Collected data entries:
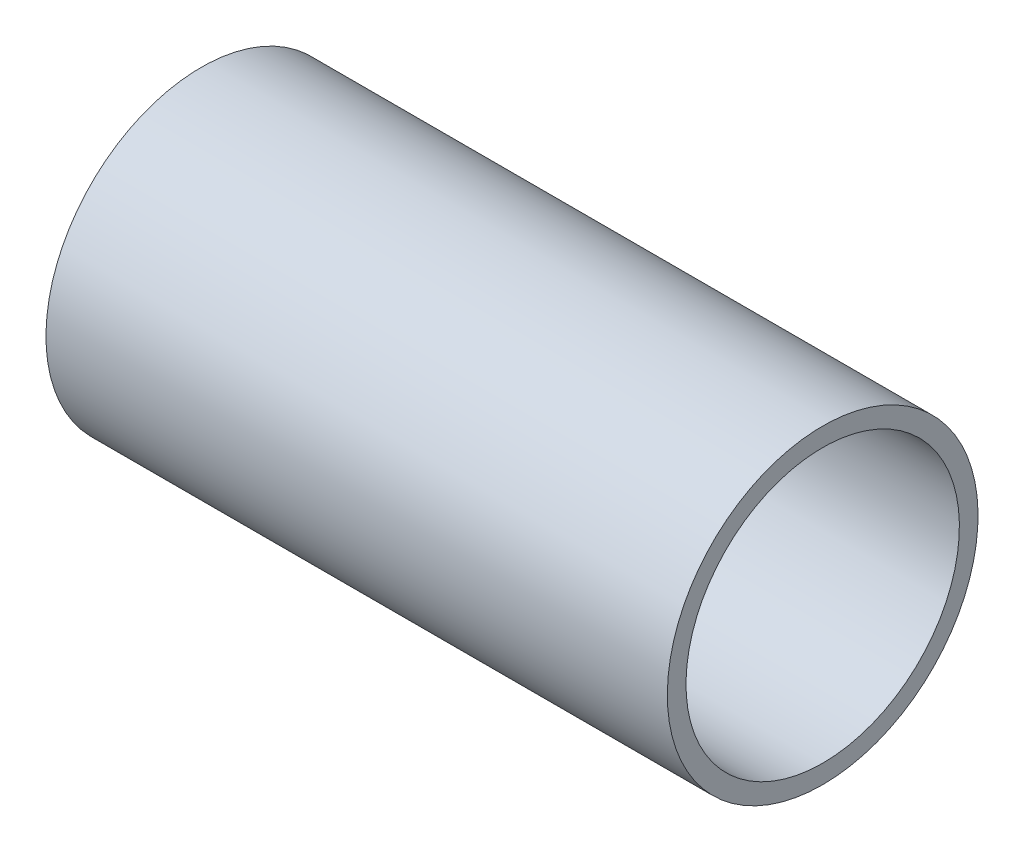
ISO-10303-21;
HEADER;
FILE_DESCRIPTION(('STEP AP214'),'2;1');
FILE_NAME('part.step','',(''),(''),'','','');
FILE_SCHEMA(('AUTOMOTIVE_DESIGN { 1 0 10303 214 1 1 1 1 }'));
ENDSEC;
DATA;
#1=APPLICATION_CONTEXT('core data for automotive mechanical design processes');
#2=APPLICATION_PROTOCOL_DEFINITION('international standard','automotive_design',2000,#1);
#3=PRODUCT_CONTEXT('',#1,'mechanical');
#4=PRODUCT('Part','Part','',(#3));
#5=PRODUCT_RELATED_PRODUCT_CATEGORY('part','',(#4));
#6=PRODUCT_DEFINITION_FORMATION('','',#4);
#7=PRODUCT_DEFINITION_CONTEXT('part definition',#1,'design');
#8=PRODUCT_DEFINITION('design','',#6,#7);
#9=PRODUCT_DEFINITION_SHAPE('','',#8);
#10=(LENGTH_UNIT() NAMED_UNIT(*) SI_UNIT(.MILLI.,.METRE.));
#11=(NAMED_UNIT(*) PLANE_ANGLE_UNIT() SI_UNIT($,.RADIAN.));
#12=(NAMED_UNIT(*) SI_UNIT($,.STERADIAN.) SOLID_ANGLE_UNIT());
#13=UNCERTAINTY_MEASURE_WITH_UNIT(LENGTH_MEASURE(1.E-05),#10,'distance_accuracy_value','');
#14=(GEOMETRIC_REPRESENTATION_CONTEXT(3) GLOBAL_UNCERTAINTY_ASSIGNED_CONTEXT((#13)) GLOBAL_UNIT_ASSIGNED_CONTEXT((#10,
#11,#12)) REPRESENTATION_CONTEXT('',''));
#15=CARTESIAN_POINT('',(0.,0.,0.));
#16=DIRECTION('',(0.,0.,1.));
#17=DIRECTION('',(1.,0.,0.));
#18=AXIS2_PLACEMENT_3D('',#15,#16,#17);
#19=CARTESIAN_POINT('',(0.,25.,0.));
#20=DIRECTION('',(1.,0.,0.));
#21=DIRECTION('',(0.,1.,0.));
#22=AXIS2_PLACEMENT_3D('',#19,#20,#21);
#23=PLANE('',#22);
#24=CARTESIAN_POINT('',(0.,0.,0.));
#25=DIRECTION('',(-1.,0.,0.));
#26=DIRECTION('',(0.,-1.,0.));
#27=AXIS2_PLACEMENT_3D('',#24,#25,#26);
#28=CIRCLE('',#27,22.);
#29=CARTESIAN_POINT('',(0.,-22.,0.));
#30=VERTEX_POINT('',#29);
#31=EDGE_CURVE('E10',#30,#30,#28,.T.);
#32=ORIENTED_EDGE('',*,*,#31,.F.);
#33=EDGE_LOOP('',(#32));
#34=FACE_BOUND('',#33,.T.);
#35=CARTESIAN_POINT('',(0.,0.,0.));
#36=DIRECTION('',(-1.,0.,0.));
#37=DIRECTION('',(0.,-1.,0.));
#38=AXIS2_PLACEMENT_3D('',#35,#36,#37);
#39=CIRCLE('',#38,25.);
#40=CARTESIAN_POINT('',(0.,-25.,0.));
#41=VERTEX_POINT('',#40);
#42=EDGE_CURVE('E45',#41,#41,#39,.T.);
#43=ORIENTED_EDGE('',*,*,#42,.T.);
#44=EDGE_LOOP('',(#43));
#45=FACE_BOUND('',#44,.T.);
#46=ADVANCED_FACE('F31',(#34,#45),#23,.F.);
#47=CARTESIAN_POINT('',(0.,0.,0.));
#48=DIRECTION('',(-1.,0.,0.));
#49=DIRECTION('',(0.,-1.,0.));
#50=AXIS2_PLACEMENT_3D('',#47,#48,#49);
#51=CYLINDRICAL_SURFACE('',#50,22.);
#52=CARTESIAN_POINT('',(100.,0.,0.));
#53=DIRECTION('',(-1.,0.,0.));
#54=DIRECTION('',(0.,-1.,0.));
#55=AXIS2_PLACEMENT_3D('',#52,#53,#54);
#56=CIRCLE('',#55,22.);
#57=CARTESIAN_POINT('',(100.,-22.,0.));
#58=VERTEX_POINT('',#57);
#59=EDGE_CURVE('E37',#58,#58,#56,.T.);
#60=ORIENTED_EDGE('',*,*,#59,.F.);
#61=EDGE_LOOP('',(#60));
#62=FACE_BOUND('',#61,.T.);
#63=ORIENTED_EDGE('',*,*,#31,.T.);
#64=EDGE_LOOP('',(#63));
#65=FACE_BOUND('',#64,.T.);
#66=ADVANCED_FACE('F60',(#62,#65),#51,.F.);
#67=CARTESIAN_POINT('',(100.,25.,0.));
#68=DIRECTION('',(-1.,0.,0.));
#69=DIRECTION('',(0.,-1.,0.));
#70=AXIS2_PLACEMENT_3D('',#67,#68,#69);
#71=PLANE('',#70);
#72=CARTESIAN_POINT('',(100.,0.,0.));
#73=DIRECTION('',(-1.,0.,0.));
#74=DIRECTION('',(0.,-1.,0.));
#75=AXIS2_PLACEMENT_3D('',#72,#73,#74);
#76=CIRCLE('',#75,25.);
#77=CARTESIAN_POINT('',(100.,-25.,0.));
#78=VERTEX_POINT('',#77);
#79=EDGE_CURVE('E41',#78,#78,#76,.T.);
#80=ORIENTED_EDGE('',*,*,#79,.F.);
#81=EDGE_LOOP('',(#80));
#82=FACE_BOUND('',#81,.T.);
#83=ORIENTED_EDGE('',*,*,#59,.T.);
#84=EDGE_LOOP('',(#83));
#85=FACE_BOUND('',#84,.T.);
#86=ADVANCED_FACE('F55',(#82,#85),#71,.F.);
#87=CARTESIAN_POINT('',(0.,0.,0.));
#88=DIRECTION('',(-1.,0.,0.));
#89=DIRECTION('',(0.,-1.,0.));
#90=AXIS2_PLACEMENT_3D('',#87,#88,#89);
#91=CYLINDRICAL_SURFACE('',#90,25.);
#92=ORIENTED_EDGE('',*,*,#42,.F.);
#93=EDGE_LOOP('',(#92));
#94=FACE_BOUND('',#93,.T.);
#95=ORIENTED_EDGE('',*,*,#79,.T.);
#96=EDGE_LOOP('',(#95));
#97=FACE_BOUND('',#96,.T.);
#98=ADVANCED_FACE('F52',(#94,#97),#91,.T.);
#99=CLOSED_SHELL('',(#46,#66,#86,#98));
#100=MANIFOLD_SOLID_BREP('B2',#99);
#101=ADVANCED_BREP_SHAPE_REPRESENTATION('',(#18,#100),#14);
#102=SHAPE_DEFINITION_REPRESENTATION(#9,#101);
ENDSEC;
END-ISO-10303-21;

**PROBLEM DETAILS**
Once the pictures are dropped, repeat the data above exactly.

**COMPLETED TASK**
ISO-10303-21;
HEADER;
FILE_DESCRIPTION(('STEP AP214'),'2;1');
FILE_NAME('part.step','',(''),(''),'','','');
FILE_SCHEMA(('AUTOMOTIVE_DESIGN { 1 0 10303 214 1 1 1 1 }'));
ENDSEC;
DATA;
#1=APPLICATION_CONTEXT('core data for automotive mechanical design processes');
#2=APPLICATION_PROTOCOL_DEFINITION('international standard','automotive_design',2000,#1);
#3=PRODUCT_CONTEXT('',#1,'mechanical');
#4=PRODUCT('Part','Part','',(#3));
#5=PRODUCT_RELATED_PRODUCT_CATEGORY('part','',(#4));
#6=PRODUCT_DEFINITION_FORMATION('','',#4);
#7=PRODUCT_DEFINITION_CONTEXT('part definition',#1,'design');
#8=PRODUCT_DEFINITION('design','',#6,#7);
#9=PRODUCT_DEFINITION_SHAPE('','',#8);
#10=(LENGTH_UNIT() NAMED_UNIT(*) SI_UNIT(.MILLI.,.METRE.));
#11=(NAMED_UNIT(*) PLANE_ANGLE_UNIT() SI_UNIT($,.RADIAN.));
#12=(NAMED_UNIT(*) SI_UNIT($,.STERADIAN.) SOLID_ANGLE_UNIT());
#13=UNCERTAINTY_MEASURE_WITH_UNIT(LENGTH_MEASURE(1.E-05),#10,'distance_accuracy_value','');
#14=(GEOMETRIC_REPRESENTATION_CONTEXT(3) GLOBAL_UNCERTAINTY_ASSIGNED_CONTEXT((#13)) GLOBAL_UNIT_ASSIGNED_CONTEXT((#10,
#11,#12)) REPRESENTATION_CONTEXT('',''));
#15=CARTESIAN_POINT('',(0.,0.,0.));
#16=DIRECTION('',(0.,0.,1.));
#17=DIRECTION('',(1.,0.,0.));
#18=AXIS2_PLACEMENT_3D('',#15,#16,#17);
#19=CARTESIAN_POINT('',(0.,25.,0.));
#20=DIRECTION('',(1.,0.,0.));
#21=DIRECTION('',(0.,1.,0.));
#22=AXIS2_PLACEMENT_3D('',#19,#20,#21);
#23=PLANE('',#22);
#24=CARTESIAN_POINT('',(0.,0.,0.));
#25=DIRECTION('',(-1.,0.,0.));
#26=DIRECTION('',(0.,-1.,0.));
#27=AXIS2_PLACEMENT_3D('',#24,#25,#26);
#28=CIRCLE('',#27,22.);
#29=CARTESIAN_POINT('',(0.,-22.,0.));
#30=VERTEX_POINT('',#29);
#31=EDGE_CURVE('E10',#30,#30,#28,.T.);
#32=ORIENTED_EDGE('',*,*,#31,.F.);
#33=EDGE_LOOP('',(#32));
#34=FACE_BOUND('',#33,.T.);
#35=CARTESIAN_POINT('',(0.,0.,0.));
#36=DIRECTION('',(-1.,0.,0.));
#37=DIRECTION('',(0.,-1.,0.));
#38=AXIS2_PLACEMENT_3D('',#35,#36,#37);
#39=CIRCLE('',#38,25.);
#40=CARTESIAN_POINT('',(0.,-25.,0.));
#41=VERTEX_POINT('',#40);
#42=EDGE_CURVE('E45',#41,#41,#39,.T.);
#43=ORIENTED_EDGE('',*,*,#42,.T.);
#44=EDGE_LOOP('',(#43));
#45=FACE_BOUND('',#44,.T.);
#46=ADVANCED_FACE('F31',(#34,#45),#23,.F.);
#47=CARTESIAN_POINT('',(0.,0.,0.));
#48=DIRECTION('',(-1.,0.,0.));
#49=DIRECTION('',(0.,-1.,0.));
#50=AXIS2_PLACEMENT_3D('',#47,#48,#49);
#51=CYLINDRICAL_SURFACE('',#50,22.);
#52=CARTESIAN_POINT('',(100.,0.,0.));
#53=DIRECTION('',(-1.,0.,0.));
#54=DIRECTION('',(0.,-1.,0.));
#55=AXIS2_PLACEMENT_3D('',#52,#53,#54);
#56=CIRCLE('',#55,22.);
#57=CARTESIAN_POINT('',(100.,-22.,0.));
#58=VERTEX_POINT('',#57);
#59=EDGE_CURVE('E37',#58,#58,#56,.T.);
#60=ORIENTED_EDGE('',*,*,#59,.F.);
#61=EDGE_LOOP('',(#60));
#62=FACE_BOUND('',#61,.T.);
#63=ORIENTED_EDGE('',*,*,#31,.T.);
#64=EDGE_LOOP('',(#63));
#65=FACE_BOUND('',#64,.T.);
#66=ADVANCED_FACE('F60',(#62,#65),#51,.F.);
#67=CARTESIAN_POINT('',(100.,25.,0.));
#68=DIRECTION('',(-1.,0.,0.));
#69=DIRECTION('',(0.,-1.,0.));
#70=AXIS2_PLACEMENT_3D('',#67,#68,#69);
#71=PLANE('',#70);
#72=CARTESIAN_POINT('',(100.,0.,0.));
#73=DIRECTION('',(-1.,0.,0.));
#74=DIRECTION('',(0.,-1.,0.));
#75=AXIS2_PLACEMENT_3D('',#72,#73,#74);
#76=CIRCLE('',#75,25.);
#77=CARTESIAN_POINT('',(100.,-25.,0.));
#78=VERTEX_POINT('',#77);
#79=EDGE_CURVE('E41',#78,#78,#76,.T.);
#80=ORIENTED_EDGE('',*,*,#79,.F.);
#81=EDGE_LOOP('',(#80));
#82=FACE_BOUND('',#81,.T.);
#83=ORIENTED_EDGE('',*,*,#59,.T.);
#84=EDGE_LOOP('',(#83));
#85=FACE_BOUND('',#84,.T.);
#86=ADVANCED_FACE('F55',(#82,#85),#71,.F.);
#87=CARTESIAN_POINT('',(0.,0.,0.));
#88=DIRECTION('',(-1.,0.,0.));
#89=DIRECTION('',(0.,-1.,0.));
#90=AXIS2_PLACEMENT_3D('',#87,#88,#89);
#91=CYLINDRICAL_SURFACE('',#90,25.);
#92=ORIENTED_EDGE('',*,*,#42,.F.);
#93=EDGE_LOOP('',(#92));
#94=FACE_BOUND('',#93,.T.);
#95=ORIENTED_EDGE('',*,*,#79,.T.);
#96=EDGE_LOOP('',(#95));
#97=FACE_BOUND('',#96,.T.);
#98=ADVANCED_FACE('F52',(#94,#97),#91,.T.);
#99=CLOSED_SHELL('',(#46,#66,#86,#98));
#100=MANIFOLD_SOLID_BREP('B2',#99);
#101=ADVANCED_BREP_SHAPE_REPRESENTATION('',(#18,#100),#14);
#102=SHAPE_DEFINITION_REPRESENTATION(#9,#101);
ENDSEC;
END-ISO-10303-21;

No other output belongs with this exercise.